I think she's aging well, but dang- look at her a year and a half ago! Looking lean and mean!! And I think I like her stacked a bit more square like the older picture- not so stretched like I did (on purpose- just to see) in the newer picture.


----------



## kjdreyer (Feb 7, 2013)

She's gorgeous! I like her foxy tail. How do you pronounce her name?


----------



## Neko (Dec 13, 2012)

aww very nice! cuddle time =)


----------



## Whiteshepherds (Aug 21, 2010)

She looks great in both pictures, just more mature in the first one.  My older two are starting to look like old mops, both of them need a good brushing.


----------



## wildo (Jul 27, 2006)

Whiteshepherds said:


> She looks great in both pictures, just more mature in the first one.  My older two are starting to look like old mops, both of them need a good brushing.
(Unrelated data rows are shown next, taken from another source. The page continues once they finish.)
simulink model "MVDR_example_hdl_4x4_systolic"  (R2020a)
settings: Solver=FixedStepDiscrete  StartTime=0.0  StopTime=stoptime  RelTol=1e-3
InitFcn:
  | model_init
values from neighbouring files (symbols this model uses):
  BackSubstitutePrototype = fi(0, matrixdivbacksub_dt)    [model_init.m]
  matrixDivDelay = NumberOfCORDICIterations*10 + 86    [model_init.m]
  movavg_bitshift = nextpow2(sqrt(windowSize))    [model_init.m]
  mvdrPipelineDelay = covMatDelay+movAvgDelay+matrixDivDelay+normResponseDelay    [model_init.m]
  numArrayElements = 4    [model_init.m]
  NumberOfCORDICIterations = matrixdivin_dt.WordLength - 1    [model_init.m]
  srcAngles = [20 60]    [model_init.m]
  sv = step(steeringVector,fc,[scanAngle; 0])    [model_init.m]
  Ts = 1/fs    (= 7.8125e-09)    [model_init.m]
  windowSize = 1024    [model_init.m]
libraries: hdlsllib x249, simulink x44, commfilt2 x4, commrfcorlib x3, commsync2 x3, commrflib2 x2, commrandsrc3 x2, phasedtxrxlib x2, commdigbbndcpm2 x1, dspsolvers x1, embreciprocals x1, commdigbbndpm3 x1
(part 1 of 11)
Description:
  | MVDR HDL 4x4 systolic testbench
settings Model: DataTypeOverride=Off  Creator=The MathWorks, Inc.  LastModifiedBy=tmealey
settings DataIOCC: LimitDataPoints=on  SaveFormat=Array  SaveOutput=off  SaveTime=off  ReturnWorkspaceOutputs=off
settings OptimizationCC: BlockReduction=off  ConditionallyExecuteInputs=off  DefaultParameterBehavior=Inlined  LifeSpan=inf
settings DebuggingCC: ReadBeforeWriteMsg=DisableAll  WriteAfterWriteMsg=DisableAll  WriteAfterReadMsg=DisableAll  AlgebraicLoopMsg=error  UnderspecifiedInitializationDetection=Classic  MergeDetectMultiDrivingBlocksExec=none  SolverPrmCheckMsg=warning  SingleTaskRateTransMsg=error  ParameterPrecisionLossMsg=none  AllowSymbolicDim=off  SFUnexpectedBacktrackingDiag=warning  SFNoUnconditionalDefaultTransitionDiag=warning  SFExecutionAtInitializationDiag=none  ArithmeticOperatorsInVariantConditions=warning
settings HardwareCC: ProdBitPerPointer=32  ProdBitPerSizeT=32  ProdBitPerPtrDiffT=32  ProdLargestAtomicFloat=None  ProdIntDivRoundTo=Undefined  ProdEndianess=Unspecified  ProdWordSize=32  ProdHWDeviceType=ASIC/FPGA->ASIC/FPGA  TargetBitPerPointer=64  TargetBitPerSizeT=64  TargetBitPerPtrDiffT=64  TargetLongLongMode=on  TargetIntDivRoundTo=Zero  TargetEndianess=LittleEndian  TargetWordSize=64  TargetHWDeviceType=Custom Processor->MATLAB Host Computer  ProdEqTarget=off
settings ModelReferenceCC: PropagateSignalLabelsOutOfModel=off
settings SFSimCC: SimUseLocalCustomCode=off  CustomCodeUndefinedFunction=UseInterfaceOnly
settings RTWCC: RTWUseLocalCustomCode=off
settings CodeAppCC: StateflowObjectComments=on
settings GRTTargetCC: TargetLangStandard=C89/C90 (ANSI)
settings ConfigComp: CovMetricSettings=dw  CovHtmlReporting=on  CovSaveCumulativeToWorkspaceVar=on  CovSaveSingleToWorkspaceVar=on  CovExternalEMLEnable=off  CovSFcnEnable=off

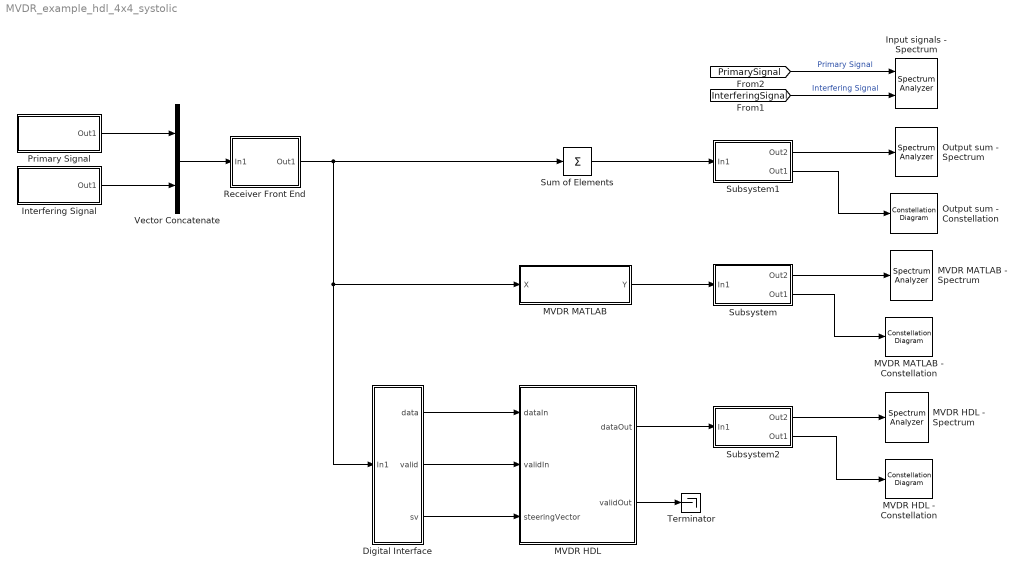
== system MVDR_example_hdl_4x4_systolic ==
  Digital Interface : Subsystem
  Input signals - Spectrum : SpectrumAnalyzer  NumInputPorts=2
  Interfering Signal : Subsystem
      mask Display: disp('Interfering\nSignal')
  MVDR HDL : Subsystem
  MVDR HDL - Constellation : ConstellationDiagram
  MVDR HDL - Spectrum : SpectrumAnalyzer
  MVDR MATLAB : Subsystem
  MVDR MATLAB - Constellation : ConstellationDiagram
  MVDR MATLAB - Spectrum : SpectrumAnalyzer
  Output sum - Constellation : ConstellationDiagram
  Output sum - Spectrum : SpectrumAnalyzer
  Primary Signal : Subsystem
      mask Display: disp('Primary\nSignal')
  Receiver Front End : Subsystem
  Subsystem : Subsystem
  Subsystem1 : Subsystem
  Subsystem2 : Subsystem
  Sum of Elements : Sum  Inputs=+  CollapseMode=Specified dimension  CollapseDim=2
  Terminator : Terminator
  Vector Concatenate : Concatenate  Mode=Multidimensional array  ConcatenateDimension=2
  wires:
  MVDR HDL/2(validOut) -> Terminator/1
  MVDR MATLAB/1(Y) -> Subsystem/1(In1)
  Interfering Signal/1(Out1) -> Vector Concatenate/2
  Primary Signal/1(Out1) -> Vector Concatenate/1
  [InterferingSignal] -> Input signals - Spectrum/2  "Interfering Signal"
  Subsystem/2(Out1) -> MVDR MATLAB - Constellation/1
  Subsystem/1(Out2) -> MVDR MATLAB - Spectrum/1
  Sum of Elements/1 -> Subsystem1/1(In1)
  Subsystem1/1(Out2) -> Output sum - Spectrum/1
  Subsystem1/2(Out1) -> Output sum - Constellation/1
  MVDR HDL/1(dataOut) -> Subsystem2/1(In1)
  Subsystem2/1(Out2) -> MVDR HDL - Spectrum/1
  Subsystem2/2(Out1) -> MVDR HDL - Constellation/1
  [PrimarySignal] -> Input signals - Spectrum/1  "Primary Signal"
  Digital Interface/1(data) -> MVDR HDL/1(dataIn)
  Digital Interface/2(valid) -> MVDR HDL/2(validIn)
  Digital Interface/3(sv) -> MVDR HDL/3(steeringVector)
  Receiver Front End/1(Out1) -> MVDR MATLAB/1(X), Digital Interface/1(In1), Sum of Elements/1
  Vector Concatenate/1 -> Receiver Front End/1(In1)

== system MVDR_example_hdl_4x4_systolic/Digital Interface ==
  In1 : Inport
  Constant1 : Constant  Value=true  SampleTime=-1
  Constant2 : Constant  Value=sv  SampleTime=-1
  Data Type Conversion : DataTypeConversion  OutDataTypeStr=sv_dt
  Input DTC : Subsystem
  Reshape : Reshape  OutputDimensionality=Column vector (2-D)
  Unbuffer : Unbuffer
  data : Outport
  valid : Outport  Port=2
  sv : Outport  Port=3
  wires:
  Unbuffer/1 -> Input DTC/1(In1)
  Constant2/1 -> Data Type Conversion/1
  In1/1 -> Unbuffer/1
  Data Type Conversion/1 -> Reshape/1
  Constant1/1 -> valid/1
  Input DTC/1(Out1) -> data/1
  Reshape/1 -> sv/1

== system MVDR_example_hdl_4x4_systolic/Interfering Signal ==
  GMSK Modulator Baseband : commdigbbndcpm2/GMSK Modulator Baseband  inputType=Bit  BT=.3  pulseLength=4  preHistory=1  phaseOffset=0  samplesPerSymbol=8  RateOptions=Enforce single-rate processing  outDataType=double
      settings: SourceProductBaseCode=CM
  Gain : Gain  Gain=1/40
  Memoryless Nonlinearity2 : commrflib2/Memoryless Nonlinearity  model_select=Cubic polynomial  linGaindB=39  GindB=0  iip3=43  am2pm=.8  LPwrLimAMPM=-2.5  UPwrLimAMPM=17.5  amam=[2.1587 1.1517]  ampm=[4.0033 9.1040]  x=[8.1081 1.5413 6.5202 -0.0718]  y=[4.6645 2.0965 10.88 -0.003]  p=0.5  GoutdB=0  vsat=1
      settings: SourceProductBaseCode=CM
  Random Integer Generator1 : commrandsrc3/Random Integer Generator  SetSize=2  SeedSource=Auto  Seed=0  SampleTime=4*Ts  SamplesPerFrame=100  OutputDataType=boolean  SimulateUsing=Interpreted execution
  Out1 : Outport  VectorParamsAs1DForOutWhenUnconnected=off
  tag scope: InterferingSignal=global
  wires:
  Memoryless Nonlinearity2/1 -> Gain/1
  GMSK Modulator Baseband/1 -> Memoryless Nonlinearity2/1
  Random Integer Generator1/1 -> GMSK Modulator Baseband/1
  Gain/1 -> Out1/1, [InterferingSignal]

== system MVDR_example_hdl_4x4_systolic/MVDR HDL ==
  dataIn : Inport
  validIn : Inport  Port=2
  steeringVector : Inport  Port=3
  Compute Weight Vector : Subsystem
  Form Beam : Subsystem
  Form Covariance Matrix : Subsystem
  Moving Average : Subsystem
  Normalize Response : Subsystem
  dataOut : Outport
  validOut : Outport  Port=2
  wires:
  Normalize Response/1(wOut) -> Form Beam/3(w)
  Form Beam/1(dataOut) -> dataOut/1
  Form Covariance Matrix/2(validOut) -> Moving Average/2(validIn)
  Form Beam/2(validOut) -> validOut/1
  Compute Weight Vector/1(w) -> Normalize Response/1(wIn)
  steeringVector/1 -> Compute Weight Vector/3(steeringVector), Normalize Response/3(steeringVector)
  Form Covariance Matrix/1(dataOut) -> Moving Average/1(dataIn)
  Moving Average/1(dataOut) -> Compute Weight Vector/1(covarianceMatrix)
  Moving Average/2(validOut) -> Compute Weight Vector/2(validIn)
  Compute Weight Vector/2(validOut) -> Normalize Response/2(validIn)
  dataIn/1 -> Form Covariance Matrix/1(dataIn), Form Beam/1(dataIn)
  validIn/1 -> Form Covariance Matrix/2(validIn), Form Beam/2(validIn)

== system MVDR_example_hdl_4x4_systolic/MVDR MATLAB ==
  X : Inport
  MATLAB Function : MATLAB Function  TreatAsAtomicUnit=on
  Y : Outport
  wires:
  MATLAB Function/1(Y) -> Y/1
  X/1 -> MATLAB Function/1(X)

== system MVDR_example_hdl_4x4_systolic/Primary Signal ==
  Gain : Gain  Gain=1/40
  Memoryless Nonlinearity : commrflib2/Memoryless Nonlinearity  model_select=Cubic polynomial  linGaindB=28  GindB=0  iip3=43  am2pm=.8  LPwrLimAMPM=-2.5  UPwrLimAMPM=17.5  amam=[2.1587 1.1517]  ampm=[4.0033 9.1040]  x=[8.1081 1.5413 6.5202 -0.0718]  y=[4.6645 2.0965 10.88 -0.003]  p=0.5  GoutdB=0  vsat=1
      settings: SourceProductBaseCode=CM
  QPSK Modulator Baseband : commdigbbndpm3/QPSK Modulator Baseband  InType=Integer  Enc=Gray  Ph=pi/4  outDtype=double  outWordLen=16  outUDDataType=sfix(16)  outFracLenMode=Best precision  outFracLen=15  outDataTypeStr=double  outLastDataTypeStr=double
  Raised Cosine Transmit Filter : commfilt2/Raised Cosine Transmit Filter  filtType=Square root  R=.3  filtSpan=10  N=2  filterGain=1  InputProcessing=Columns as channels (frame based)  RateOptions=Enforce single-rate processing  framing=Mute  checkCoeff=off  variableName=rcTxFilt  checkGain=Normalized  sampMode=Mute  saveAsFlag=0  currentFiltSpan=10  D=(10)/2  launchFVT=on  roundingMode=Floor  overflowMode=off  coeffDataTypeStr=Inherit: Same word length as input  coeffMin=[]  coeffMax=[]  coeffLastDataTypeStr=Inherit: Same word length as input  outputDataTypeStr=Inherit: Same as accumulator  outputMin=[]  outputMax=[]  outputLastDataTypeStr=Inherit: Same as accumulator
  Random Integer Generator : commrandsrc3/Random Integer Generator  SetSize=4  SeedSource=Auto  Seed=0  SampleTime=Ts  SamplesPerFrame=400  OutputDataType=double  SimulateUsing=Interpreted execution
  Out1 : Outport  VectorParamsAs1DForOutWhenUnconnected=off
  tag scope: PrimarySignal=global
  wires:
  QPSK Modulator Baseband/1 -> Raised Cosine Transmit Filter/1
  Random Integer Generator/1 -> QPSK Modulator Baseband/1
  Memoryless Nonlinearity/1 -> Gain/1
  Raised Cosine Transmit Filter/1 -> Memoryless Nonlinearity/1
  Gain/1 -> Out1/1, [PrimarySignal]

== system MVDR_example_hdl_4x4_systolic/Receiver Front End ==
  In1 : Inport
  Constant : Constant  Value=srcAngles  SampleTime=-1
  Narrowband Receive Array : phasedtxrxlib/Narrowband Receive Array  PropagationSpeed=propSpeed  OperatingFrequency=fc  Wavefront=Plane  SensorGainMeasure=dB  Polarization=None  WeightsInputPort=off  SimulateUsing=Interpreted execution  Sensor=sensorArray
      settings: SourceProductBaseCode=AR
  Receiver Preamp : phasedtxrxlib/Receiver Preamp  Gain=-10  LossFactor=0  NoiseMethod=Noise power  NoiseFigure=0  ReferenceTemperature=290  SampleRateFromInputCheckbox=on  SampleRate=1e6  NoisePower=.001  EnableInputPort=off  PhaseNoiseInputPort=off  SeedSource=Auto  Seed=0  SimulateUsing=Interpreted execution
      settings: SourceProductBaseCode=AR
  Reshape : Reshape  OutputDimensionality=Row vector (2-D)
  Out1 : Outport
  wires:
  In1/1 -> Narrowband Receive Array/1
  Narrowband Receive Array/1 -> Receiver Preamp/1
  Constant/1 -> Reshape/1
  Reshape/1 -> Narrowband Receive Array/2
  Receiver Preamp/1 -> Out1/1

== system MVDR_example_hdl_4x4_systolic/Subsystem ==
  In1 : Inport
  AGC : commrfcorlib/AGC  LegacyMode=off  DetectorMethod=Rectifier  LoopMethod=Linear  UpdatePeriod=100  StepSize=0.1  AdaptationStepSize=0.01  DesiredOutputPower=1  AveragingLength=200  MaximumGain=30  MaxPowerGain=60  GainOutputPort=off  InputPowerOutputPort=off  SimulateUsing=Interpreted execution
  Carrier Synchronizer : commsync2/Carrier Synchronizer  Modulation=QPSK  ModulationPhaseOffset=Auto  CustomPhaseOffset=0  SamplesPerSymbol=1  DampingFactor=0.707  NormalizedLoopBandwidth=0.01  EstimatedPhaseErrorOutputPort=off  SimulateUsing=Interpreted execution
  Raised Cosine Receive Filter : commfilt2/Raised Cosine Receive Filter  filtType=Square root  R=.3  filtSpan=10  N=2  downFactor=2  downOffset=0  filterGain=1  InputProcessing=Columns as channels (frame based)  RateOptions=Enforce single-rate processing  framing=Mute  checkCoeff=off  variableName=rcRxFilt  currentFiltSpan=10  D=5  inputOffset=0  sampMode=Mute  saveAsFlag=0  rateMode=Downsampling  checkGain=Normalized  launchFVT=on  roundingMode=Floor  overflowMode=off  coeffDataTypeStr=Inherit: Same word length as input  coeffMin=[]  coeffMax=[]  coeffLastDataTypeStr=Inherit: Same word length as input  accumDataTypeStr=Inherit: Same as product output  accumLastDataTypeStr=Inherit: Same as product output  outputDataTypeStr=Inherit: Same as accumulator  outputMin=[]  outputMax=[]  outputLastDataTypeStr=Inherit: Same as accumulator
  Out2 : Outport
  Out1 : Outport  Port=2
  wires:
  In1/1 -> Out2/1, Raised Cosine Receive Filter/1
  Raised Cosine Receive Filter/1 -> Carrier Synchronizer/1
  AGC/1 -> Out1/1
  Carrier Synchronizer/1 -> AGC/1

== system MVDR_example_hdl_4x4_systolic/Subsystem1 ==
  In1 : Inport
  AGC : commrfcorlib/AGC  LegacyMode=off  DetectorMethod=Rectifier  LoopMethod=Linear  UpdatePeriod=100  StepSize=0.1  AdaptationStepSize=0.01  DesiredOutputPower=1  AveragingLength=200  MaximumGain=30  MaxPowerGain=60  GainOutputPort=off  InputPowerOutputPort=off  SimulateUsing=Interpreted execution
  Carrier Synchronizer : commsync2/Carrier Synchronizer  Modulation=QPSK  ModulationPhaseOffset=Auto  CustomPhaseOffset=0  SamplesPerSymbol=1  DampingFactor=0.707  NormalizedLoopBandwidth=0.01  EstimatedPhaseErrorOutputPort=off  SimulateUsing=Interpreted execution
  Raised Cosine Receive Filter : commfilt2/Raised Cosine Receive Filter  filtType=Square root  R=.3  filtSpan=10  N=2  downFactor=2  downOffset=0  filterGain=1  InputProcessing=Columns as channels (frame based)  RateOptions=Enforce single-rate processing  framing=Mute  checkCoeff=off  variableName=rcRxFilt  currentFiltSpan=10  D=5  inputOffset=0  sampMode=Mute  saveAsFlag=0  rateMode=Downsampling  checkGain=Normalized  launchFVT=on  roundingMode=Floor  overflowMode=off  coeffDataTypeStr=Inherit: Same word length as input  coeffMin=[]  coeffMax=[]  coeffLastDataTypeStr=Inherit: Same word length as input  accumDataTypeStr=Inherit: Same as product output  accumLastDataTypeStr=Inherit: Same as product output  outputDataTypeStr=Inherit: Same as accumulator  outputMin=[]  outputMax=[]  outputLastDataTypeStr=Inherit: Same as accumulator
  Out2 : Outport
  Out1 : Outport  Port=2
  wires:
  Carrier Synchronizer/1 -> AGC/1
  AGC/1 -> Out1/1
  Raised Cosine Receive Filter/1 -> Carrier Synchronizer/1
  In1/1 -> Raised Cosine Receive Filter/1, Out2/1

== system MVDR_example_hdl_4x4_systolic/Subsystem2 ==
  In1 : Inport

Thanks!! I can tell you she still runs agility as if she still looked like the second picture! We had a very small agility class tonight- one other USDAA person and myself. So we did some small sequences with VERY hard backside jump wraps. Pimg handled them as well as the BCs... She continues to amaze me with her athleticism!


----------



## NancyJ (Jun 15, 2003)

She looks mah-va-lous dahlink....she does look very athletic and regal.


----------



## Rerun (Feb 27, 2006)

She looks great! Where did you take her?


Sent from Petguide.com Free App


----------



## wildo (Jul 27, 2006)

Thanks everyone!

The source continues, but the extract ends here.